Una calda mattina di Agosto mio figlio, ormai grande, mentre facevamo colazione, mi ha chiesto: “Perché tutto il cibo che non fa troppo bene piace così tanto?”
Biscotti, cioccolato, merendine, bevande gasate, snack, carne, salumi… Tutti cibi che i bambini, i giovani, e non solo, amano e mangiano anche quando non hanno fame (o non rifiutano mai).
Per fortuna non è esattamente così: o meglio non è (sempre) l’alimento in sé a essere “cattivo” ma la qualità e la quantità che ne ingeriamo e soprattutto, se, in base all’età, al peso e allo stile di vita, abbiamo davvero bisogno di tutti i nutrienti che contiene.
Uno dei primi problemi, infatti, riguarda la facilità con cui oggi abbiamo accesso al cibo: tutti, sia da piccoli sia da grandi, tendiamo a comportamenti compulsivi: nel mondo occidentale non si mangia più perché si ha la pancia vuota. Spesso mangiamo a seconda dello stato d’animo: per allegria, noia, tristezza, abitudine. C’è poi una valenza del cibo-come socializzazione e relazione. La prova è che, come lamentano le mamme allarmate, ci sono sempre più bambini che non mangiano. E la ragione è molto semplice:
tendiamo a offrire loro troppo cibo (e troppo facilmente) rispetto alle reali necessità di un organismo in crescita.

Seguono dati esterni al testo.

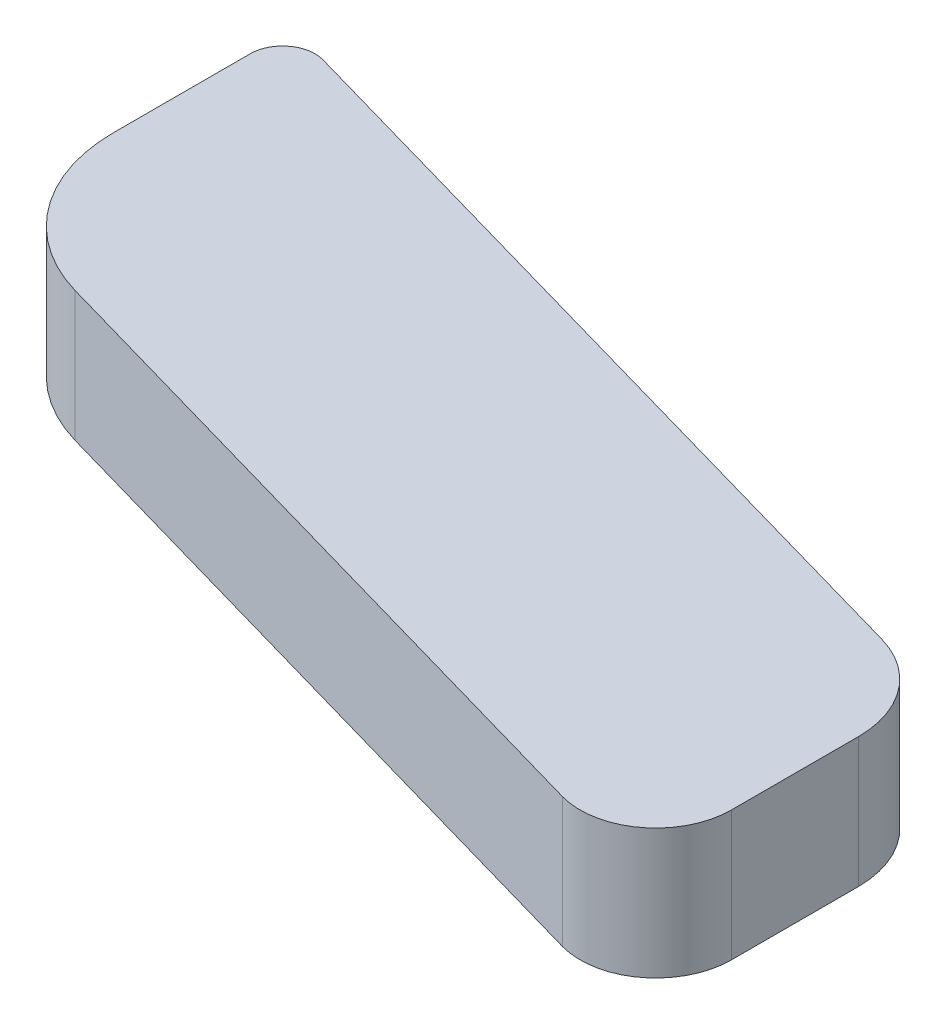
ISO-10303-21;
HEADER;
FILE_DESCRIPTION(('STEP AP214'),'2;1');
FILE_NAME('part.step','',(''),(''),'','','');
FILE_SCHEMA(('AUTOMOTIVE_DESIGN { 1 0 10303 214 1 1 1 1 }'));
ENDSEC;
DATA;
#1=APPLICATION_CONTEXT('core data for automotive mechanical design processes');
#2=APPLICATION_PROTOCOL_DEFINITION('international standard','automotive_design',2000,#1);
#3=PRODUCT_CONTEXT('',#1,'mechanical');
#4=PRODUCT('Part','Part','',(#3));
#5=PRODUCT_RELATED_PRODUCT_CATEGORY('part','',(#4));
#6=PRODUCT_DEFINITION_FORMATION('','',#4);
#7=PRODUCT_DEFINITION_CONTEXT('part definition',#1,'design');
#8=PRODUCT_DEFINITION('design','',#6,#7);
#9=PRODUCT_DEFINITION_SHAPE('','',#8);
#10=(LENGTH_UNIT() NAMED_UNIT(*) SI_UNIT(.MILLI.,.METRE.));
#11=(NAMED_UNIT(*) PLANE_ANGLE_UNIT() SI_UNIT($,.RADIAN.));
#12=(NAMED_UNIT(*) SI_UNIT($,.STERADIAN.) SOLID_ANGLE_UNIT());
#13=UNCERTAINTY_MEASURE_WITH_UNIT(LENGTH_MEASURE(1.E-05),#10,'distance_accuracy_value','');
#14=(GEOMETRIC_REPRESENTATION_CONTEXT(3) GLOBAL_UNCERTAINTY_ASSIGNED_CONTEXT((#13)) GLOBAL_UNIT_ASSIGNED_CONTEXT((#10,
#11,#12)) REPRESENTATION_CONTEXT('',''));
#15=CARTESIAN_POINT('',(0.,0.,0.));
#16=DIRECTION('',(0.,0.,1.));
#17=DIRECTION('',(1.,0.,0.));
#18=AXIS2_PLACEMENT_3D('',#15,#16,#17);
#19=CARTESIAN_POINT('',(0.463533965103902,2.9956,0.272902318588757));
#20=DIRECTION('',(0.,-1.,0.));
#21=DIRECTION('',(-1.,0.,0.));
#22=AXIS2_PLACEMENT_3D('',#19,#20,#21);
#23=CYLINDRICAL_SURFACE('',#22,0.0378378378378465);
#24=CARTESIAN_POINT('',(0.463533965103902,2.9306,0.272902318588757));
#25=DIRECTION('',(0.,1.,0.));
#26=DIRECTION('',(1.,0.,0.));
#27=AXIS2_PLACEMENT_3D('',#24,#25,#26);
#28=CIRCLE('',#27,0.0378378378378465);
#29=CARTESIAN_POINT('',(0.453150834478406,2.9306,0.309287653143453));
#30=VERTEX_POINT('',#29);
#31=CARTESIAN_POINT('',(0.501371802941747,2.9306,0.272902318588757));
#32=VERTEX_POINT('',#31);
#33=EDGE_CURVE('E11',#30,#32,#28,.T.);
#34=ORIENTED_EDGE('',*,*,#33,.T.);
#35=DIRECTION('',(0.,-1.,0.));
#36=VECTOR('',#35,1.);
#37=CARTESIAN_POINT('',(0.501371802941747,2.9956,0.272902318588757));
#38=LINE('',#37,#36);
#39=CARTESIAN_POINT('',(0.501371802941747,2.9956,0.272902318588757));
#40=VERTEX_POINT('',#39);
#41=EDGE_CURVE('E24',#40,#32,#38,.T.);
#42=ORIENTED_EDGE('',*,*,#41,.F.);
#43=CARTESIAN_POINT('',(0.463533965103902,2.9956,0.272902318588757));
#44=DIRECTION('',(0.,1.,0.));
#45=DIRECTION('',(1.,0.,0.));
#46=AXIS2_PLACEMENT_3D('',#43,#44,#45);
#47=CIRCLE('',#46,0.0378378378378465);
#48=CARTESIAN_POINT('',(0.453150834478406,2.9956,0.309287653143453));
#49=VERTEX_POINT('',#48);
#50=EDGE_CURVE('E144',#49,#40,#47,.T.);
#51=ORIENTED_EDGE('',*,*,#50,.F.);
#52=DIRECTION('',(0.,-1.,0.));
#53=VECTOR('',#52,1.);
#54=CARTESIAN_POINT('',(0.453150834478406,2.9956,0.309287653143453));
#55=LINE('',#54,#53);
#56=EDGE_CURVE('E102',#49,#30,#55,.T.);
#57=ORIENTED_EDGE('',*,*,#56,.T.);
#58=EDGE_LOOP('',(#34,#42,#51,#57));
#59=FACE_BOUND('',#58,.T.);
#60=ADVANCED_FACE('F17',(#59),#23,.T.);
#61=CARTESIAN_POINT('',(0.501371802941747,2.9956,0.272902318588757));
#62=DIRECTION('',(-1.,0.,0.));
#63=DIRECTION('',(0.,1.,0.));
#64=AXIS2_PLACEMENT_3D('',#61,#62,#63);
#65=PLANE('',#64);
#66=DIRECTION('',(0.,0.,-1.));
#67=VECTOR('',#66,1.);
#68=CARTESIAN_POINT('',(0.501371802941747,2.9306,0.272902318588757));
#69=LINE('',#68,#67);
#70=CARTESIAN_POINT('',(0.501371802941747,2.9306,0.209274506739315));
#71=VERTEX_POINT('',#70);
#72=EDGE_CURVE('E141',#32,#71,#69,.T.);
#73=ORIENTED_EDGE('',*,*,#72,.T.);
#74=DIRECTION('',(0.,-1.,0.));
#75=VECTOR('',#74,1.);
#76=CARTESIAN_POINT('',(0.501371802941747,2.9956,0.209274506739315));
#77=LINE('',#76,#75);
#78=CARTESIAN_POINT('',(0.501371802941747,2.9956,0.209274506739315));
#79=VERTEX_POINT('',#78);
#80=EDGE_CURVE('E138',#79,#71,#77,.T.);
#81=ORIENTED_EDGE('',*,*,#80,.F.);
#82=DIRECTION('',(0.,0.,-1.));
#83=VECTOR('',#82,1.);
#84=CARTESIAN_POINT('',(0.501371802941747,2.9956,0.272902318588757));
#85=LINE('',#84,#83);
#86=EDGE_CURVE('E135',#40,#79,#85,.T.);
#87=ORIENTED_EDGE('',*,*,#86,.F.);
#88=ORIENTED_EDGE('',*,*,#41,.T.);
#89=EDGE_LOOP('',(#73,#81,#87,#88));
#90=FACE_BOUND('',#89,.T.);
#91=ADVANCED_FACE('F147',(#90),#65,.F.);
#92=CARTESIAN_POINT('',(0.451425856995761,2.9956,0.209274506739322));
#93=DIRECTION('',(0.,-1.,0.));
#94=DIRECTION('',(-1.,0.,0.));
#95=AXIS2_PLACEMENT_3D('',#92,#93,#94);
#96=CYLINDRICAL_SURFACE('',#95,0.0499459459459856);
#97=CARTESIAN_POINT('',(0.451425856995761,2.9306,0.209274506739322));
#98=DIRECTION('',(0.,1.,0.));
#99=DIRECTION('',(1.,0.,0.));
#100=AXIS2_PLACEMENT_3D('',#97,#98,#99);
#101=CIRCLE('',#100,0.0499459459459856);
#102=CARTESIAN_POINT('',(0.465098259628987,2.9306,0.161236366447734));
#103=VERTEX_POINT('',#102);
#104=EDGE_CURVE('E133',#71,#103,#101,.T.);
#105=ORIENTED_EDGE('',*,*,#104,.T.);
#106=DIRECTION('',(0.,-1.,0.));
#107=VECTOR('',#106,1.);
#108=CARTESIAN_POINT('',(0.465098259628987,2.9956,0.161236366447734));
#109=LINE('',#108,#107);
#110=CARTESIAN_POINT('',(0.465098259628987,2.9956,0.161236366447734));
#111=VERTEX_POINT('',#110);
#112=EDGE_CURVE('E130',#111,#103,#109,.T.);
#113=ORIENTED_EDGE('',*,*,#112,.F.);
#114=CARTESIAN_POINT('',(0.451425856995761,2.9956,0.209274506739322));
#115=DIRECTION('',(0.,1.,0.));
#116=DIRECTION('',(1.,0.,0.));
#117=AXIS2_PLACEMENT_3D('',#114,#115,#116);
#118=CIRCLE('',#117,0.0499459459459856);
#119=EDGE_CURVE('E127',#79,#111,#118,.T.);
#120=ORIENTED_EDGE('',*,*,#119,.F.);
#121=ORIENTED_EDGE('',*,*,#80,.T.);
#122=EDGE_LOOP('',(#105,#113,#120,#121));
#123=FACE_BOUND('',#122,.T.);
#124=ADVANCED_FACE('F153',(#123),#96,.T.);
#125=CARTESIAN_POINT('',(0.465098259628987,2.9956,0.161236366447734));
#126=DIRECTION('',(-0.273743992115513,0.,0.961802592417312));
#127=DIRECTION('',(0.961802592417312,0.,0.273743992115513));
#128=AXIS2_PLACEMENT_3D('',#125,#126,#127);
#129=PLANE('',#128);
#130=DIRECTION('',(-0.961802592417312,0.,-0.273743992115513));
#131=VECTOR('',#130,1.);
#132=CARTESIAN_POINT('',(0.465098259628987,2.9306,0.161236366447734));
#133=LINE('',#132,#131);
#134=CARTESIAN_POINT('',(0.0738620531593008,2.9306,0.0498844509263078));
#135=VERTEX_POINT('',#134);
#136=EDGE_CURVE('E125',#103,#135,#133,.T.);
#137=ORIENTED_EDGE('',*,*,#136,.T.);
#138=DIRECTION('',(0.,-1.,0.));
#139=VECTOR('',#138,1.);
#140=CARTESIAN_POINT('',(0.0738620531593008,2.9956,0.0498844509263078));
#141=LINE('',#140,#139);
#142=CARTESIAN_POINT('',(0.0738620531593008,2.9956,0.0498844509263078));
#143=VERTEX_POINT('',#142);
#144=EDGE_CURVE('E122',#143,#135,#141,.T.);
#145=ORIENTED_EDGE('',*,*,#144,.F.);
#146=DIRECTION('',(-0.961802592417312,0.,-0.273743992115513));
#147=VECTOR('',#146,1.);
#148=CARTESIAN_POINT('',(0.465098259628987,2.9956,0.161236366447734));
#149=LINE('',#148,#147);
#150=EDGE_CURVE('E119',#111,#143,#149,.T.);
#151=ORIENTED_EDGE('',*,*,#150,.F.);
#152=ORIENTED_EDGE('',*,*,#112,.T.);
#153=EDGE_LOOP('',(#137,#145,#151,#152));
#154=FACE_BOUND('',#153,.T.);
#155=ADVANCED_FACE('F157',(#154),#129,.F.);
#156=CARTESIAN_POINT('',(0.0694229613952685,2.9956,0.0654812497223004));
#157=DIRECTION('',(0.,-1.,0.));
#158=DIRECTION('',(-1.,0.,0.));
#159=AXIS2_PLACEMENT_3D('',#156,#157,#158);
#160=CYLINDRICAL_SURFACE('',#159,0.0162162162162497);
#161=CARTESIAN_POINT('',(0.0694229613952685,2.9306,0.0654812497223004));
#162=DIRECTION('',(0.,1.,0.));
#163=DIRECTION('',(1.,0.,0.));
#164=AXIS2_PLACEMENT_3D('',#161,#162,#163);
#165=CIRCLE('',#164,0.0162162162162497);
#166=CARTESIAN_POINT('',(0.0532067452658382,2.9306,0.0654795716984278));
#167=VERTEX_POINT('',#166);
#168=EDGE_CURVE('E117',#135,#167,#165,.T.);
#169=ORIENTED_EDGE('',*,*,#168,.T.);
#170=DIRECTION('',(0.,-1.,0.));
#171=VECTOR('',#170,1.);
#172=CARTESIAN_POINT('',(0.0532067452658382,2.9956,0.0654795716984278));
#173=LINE('',#172,#171);
#174=CARTESIAN_POINT('',(0.0532067452658382,2.9956,0.0654795716984278));
#175=VERTEX_POINT('',#174);
#176=EDGE_CURVE('E114',#175,#167,#173,.T.);
#177=ORIENTED_EDGE('',*,*,#176,.F.);
#178=CARTESIAN_POINT('',(0.0694229613952685,2.9956,0.0654812497223004));
#179=DIRECTION('',(0.,1.,0.));
#180=DIRECTION('',(1.,0.,0.));
#181=AXIS2_PLACEMENT_3D('',#178,#179,#180);
#182=CIRCLE('',#181,0.0162162162162497);
#183=EDGE_CURVE('E112',#143,#175,#182,.T.);
#184=ORIENTED_EDGE('',*,*,#183,.F.);
#185=ORIENTED_EDGE('',*,*,#144,.T.);
#186=EDGE_LOOP('',(#169,#177,#184,#185));
#187=FACE_BOUND('',#186,.T.);
#188=ADVANCED_FACE('F160',(#187),#160,.T.);
#189=CARTESIAN_POINT('',(0.0532067452658387,2.9956,0.0654795716984278));
#190=DIRECTION('',(0.999999994646137,0.,0.000103478139276054));
#191=DIRECTION('',(0.000103478139276054,0.,-0.999999994646137));
#192=AXIS2_PLACEMENT_3D('',#189,#190,#191);
#193=PLANE('',#192);
#194=DIRECTION('',(-0.000103478139276054,0.,0.999999994646137));
#195=VECTOR('',#194,1.);
#196=CARTESIAN_POINT('',(0.0532067452658387,2.9306,0.0654795716984278));
#197=LINE('',#196,#195);
#198=CARTESIAN_POINT('',(0.0531996583349459,2.9306,0.133966799092186));
#199=VERTEX_POINT('',#198);
#200=EDGE_CURVE('E110',#167,#199,#197,.T.);
#201=ORIENTED_EDGE('',*,*,#200,.T.);
#202=DIRECTION('',(0.,-1.,0.));
#203=VECTOR('',#202,1.);
#204=CARTESIAN_POINT('',(0.0531996583349459,2.9956,0.133966799092186));
#205=LINE('',#204,#203);
#206=CARTESIAN_POINT('',(0.0531996583349459,2.9956,0.133966799092186));
#207=VERTEX_POINT('',#206);
#208=EDGE_CURVE('E108',#207,#199,#205,.T.);
#209=ORIENTED_EDGE('',*,*,#208,.F.);
#210=DIRECTION('',(-0.000103478139276054,0.,0.999999994646137));
#211=VECTOR('',#210,1.);
#212=CARTESIAN_POINT('',(0.0532067452658387,2.9956,0.0654795716984278));
#213=LINE('',#212,#211);
#214=EDGE_CURVE('E97',#175,#207,#213,.T.);
#215=ORIENTED_EDGE('',*,*,#214,.F.);
#216=ORIENTED_EDGE('',*,*,#176,.T.);
#217=EDGE_LOOP('',(#201,#209,#215,#216));
#218=FACE_BOUND('',#217,.T.);
#219=ADVANCED_FACE('F163',(#218),#193,.F.);
#220=CARTESIAN_POINT('',(0.134280738981897,2.9956,0.133975189211629));
#221=DIRECTION('',(0.,-1.,0.));
#222=DIRECTION('',(-1.,0.,0.));
#223=AXIS2_PLACEMENT_3D('',#220,#221,#222);
#224=CYLINDRICAL_SURFACE('',#223,0.0810810810810476);
#225=CARTESIAN_POINT('',(0.134280738981897,2.9306,0.133975189211629));
#226=DIRECTION('',(0.,1.,0.));
#227=DIRECTION('',(1.,0.,0.));
#228=AXIS2_PLACEMENT_3D('',#225,#226,#227);
#229=CIRCLE('',#228,0.0810810810810476);
#230=CARTESIAN_POINT('',(0.11203117335583,2.9306,0.211943763257348));
#231=VERTEX_POINT('',#230);
#232=EDGE_CURVE('E84',#199,#231,#229,.T.);
#233=ORIENTED_EDGE('',*,*,#232,.T.);
#234=DIRECTION('',(0.,-1.,0.));
#235=VECTOR('',#234,1.);
#236=CARTESIAN_POINT('',(0.11203117335583,2.9956,0.211943763257348));
#237=LINE('',#236,#235);
#238=CARTESIAN_POINT('',(0.11203117335583,2.9956,0.211943763257348));
#239=VERTEX_POINT('',#238);
#240=EDGE_CURVE('E78',#239,#231,#237,.T.);
#241=ORIENTED_EDGE('',*,*,#240,.F.);
#242=CARTESIAN_POINT('',(0.134280738981897,2.9956,0.133975189211629));
#243=DIRECTION('',(0.,1.,0.));
#244=DIRECTION('',(1.,0.,0.));
#245=AXIS2_PLACEMENT_3D('',#242,#243,#244);
#246=CIRCLE('',#245,0.0810810810810476);
#247=EDGE_CURVE('E82',#207,#239,#246,.T.);
#248=ORIENTED_EDGE('',*,*,#247,.F.);
#249=ORIENTED_EDGE('',*,*,#208,.T.);
#250=EDGE_LOOP('',(#233,#241,#248,#249));
#251=FACE_BOUND('',#250,.T.);
#252=ADVANCED_FACE('F80',(#251),#224,.T.);
#253=CARTESIAN_POINT('',(0.11203117335583,2.9956,0.211943763257347));
#254=DIRECTION('',(0.274411309388094,0.,-0.961612413230981));
#255=DIRECTION('',(-0.961612413230981,0.,-0.274411309388094));
#256=AXIS2_PLACEMENT_3D('',#253,#254,#255);
#257=PLANE('',#256);
#258=DIRECTION('',(0.961612413230981,0.,0.274411309388094));
#259=VECTOR('',#258,1.);
#260=CARTESIAN_POINT('',(0.11203117335583,2.9306,0.211943763257347));
#261=LINE('',#260,#259);
#262=EDGE_CURVE('E98',#231,#30,#261,.T.);
#263=ORIENTED_EDGE('',*,*,#262,.T.);
#264=ORIENTED_EDGE('',*,*,#56,.F.);
#265=DIRECTION('',(0.961612413230981,0.,0.274411309388094));
#266=VECTOR('',#265,1.);
#267=CARTESIAN_POINT('',(0.11203117335583,2.9956,0.211943763257347));
#268=LINE('',#267,#266);
#269=EDGE_CURVE('E94',#239,#49,#268,.T.);
#270=ORIENTED_EDGE('',*,*,#269,.F.);
#271=ORIENTED_EDGE('',*,*,#240,.T.);
#272=EDGE_LOOP('',(#263,#264,#270,#271));
#273=FACE_BOUND('',#272,.T.);
#274=ADVANCED_FACE('F101',(#273),#257,.F.);
#275=CARTESIAN_POINT('',(0.463533965103902,2.9956,0.272902318588757));
#276=DIRECTION('',(0.,1.,0.));
#277=DIRECTION('',(1.,0.,0.));
#278=AXIS2_PLACEMENT_3D('',#275,#276,#277);
#279=PLANE('',#278);
#280=ORIENTED_EDGE('',*,*,#50,.T.);
#281=ORIENTED_EDGE('',*,*,#86,.T.);
#282=ORIENTED_EDGE('',*,*,#119,.T.);
#283=ORIENTED_EDGE('',*,*,#150,.T.);
#284=ORIENTED_EDGE('',*,*,#183,.T.);
#285=ORIENTED_EDGE('',*,*,#214,.T.);
#286=ORIENTED_EDGE('',*,*,#247,.T.);
#287=ORIENTED_EDGE('',*,*,#269,.T.);
#288=EDGE_LOOP('',(#280,#281,#282,#283,#284,#285,#286,#287));
#289=FACE_BOUND('',#288,.T.);
#290=ADVANCED_FACE('F93',(#289),#279,.T.);
#291=CARTESIAN_POINT('',(0.463533965103902,2.9306,0.272902318588757));
#292=DIRECTION('',(0.,1.,0.));
#293=DIRECTION('',(1.,0.,0.));
#294=AXIS2_PLACEMENT_3D('',#291,#292,#293);
#295=PLANE('',#294);
#296=ORIENTED_EDGE('',*,*,#33,.F.);
#297=ORIENTED_EDGE('',*,*,#262,.F.);
#298=ORIENTED_EDGE('',*,*,#232,.F.);
#299=ORIENTED_EDGE('',*,*,#200,.F.);
#300=ORIENTED_EDGE('',*,*,#168,.F.);
#301=ORIENTED_EDGE('',*,*,#136,.F.);
#302=ORIENTED_EDGE('',*,*,#104,.F.);
#303=ORIENTED_EDGE('',*,*,#72,.F.);
#304=EDGE_LOOP('',(#296,#297,#298,#299,#300,#301,#302,#303));
#305=FACE_BOUND('',#304,.T.);
#306=ADVANCED_FACE('F149',(#305),#295,.F.);
#307=CLOSED_SHELL('',(#60,#91,#124,#155,#188,#219,#252,#274,#290,#306));
#308=MANIFOLD_SOLID_BREP('B1',#307);
#309=ADVANCED_BREP_SHAPE_REPRESENTATION('',(#18,#308),#14);
#310=SHAPE_DEFINITION_REPRESENTATION(#9,#309);
ENDSEC;
END-ISO-10303-21;

Il modo di nutrirsi più o meno sano, però, dipende in buona parte dal Gusto.
Perché ci sono bambini che adorano la frutta, mangiano volentieri la verdura e prediligono i sapori semplici, non troppo elaborati? Mentre altri vivrebbero solo a pasta, pane, biscotti e intingoli vari e se vedono una foglia di insalata fanno i capricci?
È evidente che il primo compito educativo dei neo-genitori riguarda proprio il gusto del loro bambino.
Allora, il gusto del neonato si forma con un lungo percorso che ha inizio in utero, prosegue poi con il latte materno e si potenzia e modifica nel tempo grazie all’interazione di diversi fattori: innati, educativi ed ambientali.
Tra i nostri cinque sensi, il gusto è quello che, con l’olfatto, entra in gioco subito dopo la nascita, esattamente a partire dal “primo pasto”. Si tratta di un senso molto importante perché permette anche a un neonato di rifiutare un sapore “cattivo” (amaro, per il suo cervello: velenoso) da uno buono (dolce) e, quindi, sano.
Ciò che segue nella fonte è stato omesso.